- From: Thomas Roessler <tlr@w3.org>
- Date: Wed, 23 May 2007 22:01:40 +0200
- To: WSC WG <public-wsc-wg@w3.org>
The minutes from last week's meeting were accepted.
http://www.w3.org/2007/05/16-wsc-minutes
A text version is included.
--
Thomas Roessler, W3C <tlr@w3.org>
[1]W3C
WSC WG weekly
16 May 2007
[2]Agenda
See also: [3]IRC log
Attendees
Present
Shawn, Thomas, Johnath, jvkrey, asaldhan, yngve, ses, Hal_Lockhart,
Tyler, PHB, rachna, Bill_Doyle, johnath, Audian
Regrets
MEZ, Maritza, Chuck, MichaelMcC, beltzner, DanSchutzer, SergeEgelman,
PaulHill
Chair
tlr
Scribe
yngve
Contents
* [4]Topics
1. [5]administrivia
2. [6]approve last meeting's minutes,
http://www.w3.org/2007/05/02-wsc-minutes
3. [7]Action item closures, ACTION-185, ACTION-186, ACTION-168
4. [8]Review recommendation template and state of adoption
http://www.w3.org/2006/WSC/wiki/RecommendationDisplayProposals/Reco
Templ
5. [9]Face-to-face planning
6. [10]IdentitySignal http://www.w3.org/2006/WSC/wiki/IdentitySignal
7. [11]Following up on DNSSEC indicator discussion
http://lists.w3.org/Archives/Public/public-wsc-wg/2007Apr/0354.html
8. [12]Rachna's proposal, if any (ACTION-213)

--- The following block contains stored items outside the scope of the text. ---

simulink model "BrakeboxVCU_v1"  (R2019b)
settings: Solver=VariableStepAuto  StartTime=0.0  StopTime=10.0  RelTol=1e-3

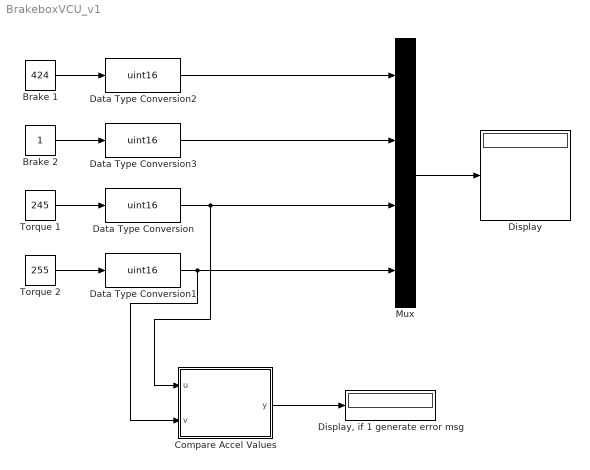
== system BrakeboxVCU_v1 ==
  Brake 1 : Constant  Value=424
  Brake 2 : Constant
  Compare Accel Values : MATLAB Function  TreatAsAtomicUnit=on
  Data Type Conversion{,1..3} (4 alike) : DataTypeConversion  OutDataTypeStr=uint16
  Display : Display
  "Display, if 1 generate error msg" : Display
  Mux : Mux
  Torque 1 : Constant  Value=245
  Torque 2 : Constant  Value=255
  wires:
  Compare Accel Values/1(y) -> "Display, if 1 generate error msg"/1
  Torque 1/1 -> Data Type Conversion/1
  Data Type Conversion/1 -> Compare Accel Values/1(u), Mux/3
  Torque 2/1 -> Data Type Conversion1/1
  Data Type Conversion1/1 -> Compare Accel Values/2(v), Mux/4
  Brake 2/1 -> Data Type Conversion3/1
  Brake 1/1 -> Data Type Conversion2/1
  Data Type Conversion3/1 -> Mux/2
  Data Type Conversion2/1 -> Mux/1
  Mux/1 -> Display/1

== matlab function BrakeboxVCU_v1/Compare Accel Values ==
  data: u input; y output; v input
function y = accelcompare(u, v)
% Checks if there is 10% difference or greater and returns 1 if true

y = (abs(u-v)/max(u,v)) >= 0.1;


end

9. [13]RobustSecurityIndicators
http://www.w3.org/2006/WSC/wiki/RobustSecurityIndicators
10. [14]Secure Letterhead
* [15]Summary of Action Items
_________________________________________________________________
administrivia
<tlr> ScribeNick: yngve
<ses> Advance regrets for next meeting --- it's during IEEE Security and
Privacy (Oakland)
approve last meeting's minutes, [16]http://www.w3.org/2007/05/02-wsc-minutes
tlr: minutes accepted
Action item closures, ACTION-185, ACTION-186, ACTION-168
diffmk highlights changes ?
tlr: yes
<tlr> ACTION-185, ACTION-186, ACTION-168 to be closed
Review recommendation template and state of adoption
[17]http://www.w3.org/2006/WSC/wiki/RecommendationDisplayProposals/RecoTempl
tyler: two people looked at it.
... yngve has worked with the template
<tlr> RecRevisitingPastDecisions
<tlr>
[18]http://lists.w3.org/Archives/Public/public-wsc-wg/2007May/0023.html
<rachna> I have a question about the template content.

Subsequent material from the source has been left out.